A rebound in Japan’s exports in January failed to keep pace with growth in imports, leaving a record 1.63 trillion yen ($17.4 billion) trade deficit for the month.
Provisional data released Feb. 20 shows that exports from the world’s third-biggest economy rose 6.4 percent to 4.8 trillion yen in January from a year earlier, the first year-on-year increase in eight months, while imports jumped 7.3 percent to 6.43 trillion yen.
The trade deficit in January was the largest since comparable statistics became available in 1979.
Imports of liquefied natural gas, fuel for thermal power generation, rose 11.4 percent from a year earlier. LNG imports amounted to 8.23 million tons in volume and 606.77 billion yen in value, both monthly records.
A weakening in Japan’s currency over the past few months has helped boost export shipments by making products more price-competitive overseas. But it has also inflated the value of resource-scarce Japan’s imports of crude oil and other commodities, which offset a recovery in demand for Japanese-made vehicles and machinery.
This trend is hindering Japan’s long-time strategy of relying heavily on exports to drive growth and adding to pressure to find fresh momentum through stronger domestic demand at a time when the workforce is aging and shrinking and corporate investment remains feeble.

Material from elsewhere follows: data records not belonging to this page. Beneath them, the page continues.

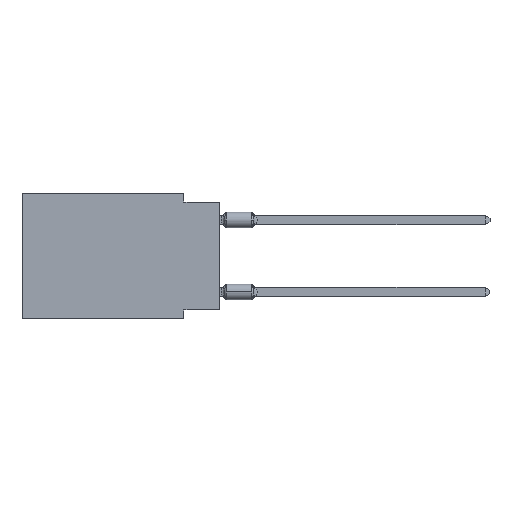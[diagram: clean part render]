
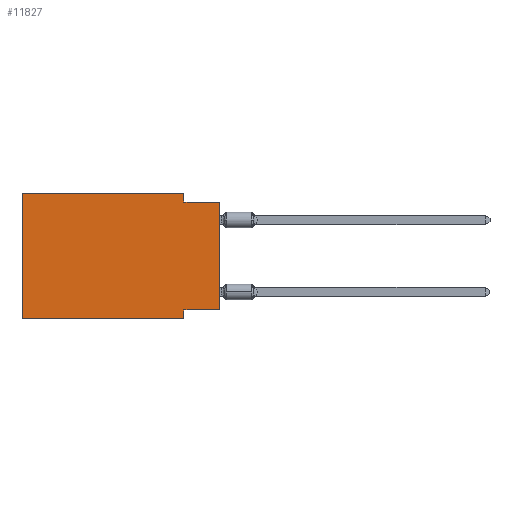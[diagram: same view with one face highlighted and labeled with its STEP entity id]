
A CAD part, left-side view. The second image highlights one B-rep face of the part: STEP entity #11827.
In plain terms, the highlighted planar face has unit normal (-1, 0, 0).
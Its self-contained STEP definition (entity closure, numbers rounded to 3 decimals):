
#53 = CARTESIAN_POINT ( 'NONE',  ( 0., 13.97, -8.89 ) ) ;
#146 = VERTEX_POINT ( 'NONE', #53 ) ;
#529 = VECTOR ( 'NONE', #12722, 1000. ) ;
#570 = EDGE_CURVE ( 'NONE', #146, #2164, #8297, .T. ) ;
#665 = VERTEX_POINT ( 'NONE', #11062 ) ;
#1271 = VERTEX_POINT ( 'NONE', #3717 ) ;
#1348 = DIRECTION ( 'NONE',  ( 1., 0., 0. ) ) ;
#1415 = DIRECTION ( 'NONE',  ( 0., -1., 0. ) ) ;
#1672 = CARTESIAN_POINT ( 'NONE',  ( 0., 13.97, 0. ) ) ;
#2164 = VERTEX_POINT ( 'NONE', #12733 ) ;
#2311 = VECTOR ( 'NONE', #9719, 1000. ) ;
#2412 = LINE ( 'NONE', #4591, #2311 ) ;
#2645 = LINE ( 'NONE', #6367, #4184 ) ;
#2674 = LINE ( 'NONE', #12903, #9382 ) ;
#3642 = EDGE_CURVE ( 'NONE', #1271, #5158, #8462, .T. ) ;
#3644 = ORIENTED_EDGE ( 'NONE', *, *, #3642, .F. ) ;
#3717 = CARTESIAN_POINT ( 'NONE',  ( 0., 2.54, -0.635 ) ) ;
#3760 = VERTEX_POINT ( 'NONE', #14123 ) ;
#4184 = VECTOR ( 'NONE', #7621, 1000. ) ;
#4527 = CARTESIAN_POINT ( 'NONE',  ( 0., 0., -0.635 ) ) ;
#4591 = CARTESIAN_POINT ( 'NONE',  ( 0., 0., -8.255 ) ) ;
#4700 = VECTOR ( 'NONE', #5599, 1000. ) ;
#4794 = PLANE ( 'NONE',  #7384 ) ;
#5110 = VERTEX_POINT ( 'NONE', #15747 ) ;
#5158 = VERTEX_POINT ( 'NONE', #4527 ) ;
#5599 = DIRECTION ( 'NONE',  ( 0., 0., 1. ) ) ;
#5777 = EDGE_CURVE ( 'NONE', #3760, #5110, #2412, .T. ) ;
#5809 = EDGE_CURVE ( 'NONE', #2164, #665, #2645, .T. ) ;
#6367 = CARTESIAN_POINT ( 'NONE',  ( 0., 13.97, 0. ) ) ;
#6410 = VECTOR ( 'NONE', #8345, 1000. ) ;
#6477 = DIRECTION ( 'NONE',  ( 0., 0., -1. ) ) ;
#6592 = ORIENTED_EDGE ( 'NONE', *, *, #5809, .F. ) ;
#7177 = DIRECTION ( 'NONE',  ( 0., 0., -1. ) ) ;
#7247 = EDGE_CURVE ( 'NONE', #5110, #7940, #8609, .T. ) ;
#7384 = AXIS2_PLACEMENT_3D ( 'NONE', #1672, #1348, #6477 ) ;
#7621 = DIRECTION ( 'NONE',  ( 0., -1., 0. ) ) ;
#7730 = ORIENTED_EDGE ( 'NONE', *, *, #16274, .T. ) ;
#7870 = CARTESIAN_POINT ( 'NONE',  ( 0., 0., -0.635 ) ) ;
#7940 = VERTEX_POINT ( 'NONE', #14466 ) ;
#8297 = LINE ( 'NONE', #15973, #4700 ) ;
#8345 = DIRECTION ( 'NONE',  ( 0., 0., 1. ) ) ;
#8462 = LINE ( 'NONE', #7870, #529 ) ;
#8609 = LINE ( 'NONE', #9874, #15190 ) ;
#9001 = ORIENTED_EDGE ( 'NONE', *, *, #7247, .F. ) ;
#9382 = VECTOR ( 'NONE', #1415, 1000. ) ;
#9554 = EDGE_CURVE ( 'NONE', #146, #7940, #2674, .T. ) ;
#9719 = DIRECTION ( 'NONE',  ( 0., 1., 0. ) ) ;
#9874 = CARTESIAN_POINT ( 'NONE',  ( 0., 2.54, -8.89 ) ) ;
#9896 = ORIENTED_EDGE ( 'NONE', *, *, #9554, .T. ) ;
#10508 = LINE ( 'NONE', #11752, #16439 ) ;
#10809 = ORIENTED_EDGE ( 'NONE', *, *, #14642, .F. ) ;
#10993 = EDGE_LOOP ( 'NONE', ( #7730, #3644, #10809, #6592, #15727, #9896, #9001, #13274 ) ) ;
#11062 = CARTESIAN_POINT ( 'NONE',  ( 0., 2.54, 0. ) ) ;
#11752 = CARTESIAN_POINT ( 'NONE',  ( 0., 2.54, 0. ) ) ;
#11827 = ADVANCED_FACE ( 'NONE', ( #16263 ), #4794, .F. ) ;
#12192 = CARTESIAN_POINT ( 'NONE',  ( 0., 0., 0. ) ) ;
#12722 = DIRECTION ( 'NONE',  ( 0., -1., 0. ) ) ;
#12733 = CARTESIAN_POINT ( 'NONE',  ( 0., 13.97, 0. ) ) ;
#12903 = CARTESIAN_POINT ( 'NONE',  ( 0., 13.97, -8.89 ) ) ;
#13152 = DIRECTION ( 'NONE',  ( 0., 0., -1. ) ) ;
#13274 = ORIENTED_EDGE ( 'NONE', *, *, #5777, .F. ) ;
#14123 = CARTESIAN_POINT ( 'NONE',  ( 0., 0., -8.255 ) ) ;
#14347 = LINE ( 'NONE', #12192, #6410 ) ;
#14466 = CARTESIAN_POINT ( 'NONE',  ( 0., 2.54, -8.89 ) ) ;
#14642 = EDGE_CURVE ( 'NONE', #665, #1271, #10508, .T. ) ;
#15190 = VECTOR ( 'NONE', #7177, 1000. ) ;
#15727 = ORIENTED_EDGE ( 'NONE', *, *, #570, .F. ) ;
#15747 = CARTESIAN_POINT ( 'NONE',  ( 0., 2.54, -8.255 ) ) ;
#15973 = CARTESIAN_POINT ( 'NONE',  ( 0., 13.97, 0. ) ) ;
#16263 = FACE_OUTER_BOUND ( 'NONE', #10993, .T. ) ;
#16274 = EDGE_CURVE ( 'NONE', #3760, #5158, #14347, .T. ) ;
#16439 = VECTOR ( 'NONE', #13152, 1000. ) ;

Prime Minister Shinzo Abe took office in December, vowing to boost the economy by restoring Japan’s export competitiveness, while at the same time stimulating demand at home through higher public works spending. He also has promised to push ahead with politically tough reforms needed to sustain growth in the longer term, though such efforts have not made much headway in the past.
Trade with the United States and major Asian trading partners rose as the global recovery strengthened and the economic impact of friction with China over a territorial dispute appeared to recede. But trade with European countries remained weak, with a 6 percent decline in exports from a year earlier. Imports from Western Europe climbed 6.3 percent.
Exports to the United States jumped 11 percent from the year before to 839.8 billion yen, while imports rose 5.8 percent to 521.1 billion yen. That boosted Japan’s surplus with the United States by 20 percent from a year earlier to 318.7 billion yen.
Exports to China climbed 3 percent but imports also surged, leaving a deficit of 654.6 billion yen, up 11 percent from the year before. Shipments of Japanese products to other Asian nations rose sharply, however, as manufacturers stepped up efforts to boost production and sales outside of China. Exports to Taiwan jumped 28.8 percent from a year earlier, to Thailand by 23.7 percent, to Vietnam by 21 percent and to Hong Kong by nearly 12 percent.
Japan’s imports of crude oil and other fuel rose 8.8 percent to 2.26 trillion yen, accounting for over a third of its total import bill, pushed higher by the yen’s weaker purchasing power and rising prices.
Exports of transport equipment climbed 25 percent, mainly due to rising exports of auto parts, while exports of machinery increased 18 percent.
Japan’s trade deficit rose to a record 6.93 trillion yen in 2012 as fuel imports surged and a bitter territorial dispute with China provoked anti-Japanese riots, hammering its exports.
The trade deficit narrowed to 641.5 billion yen in December from the 954.8 billion yen shortfall in November. That was despite a 5.8 percent drop in exports for the month.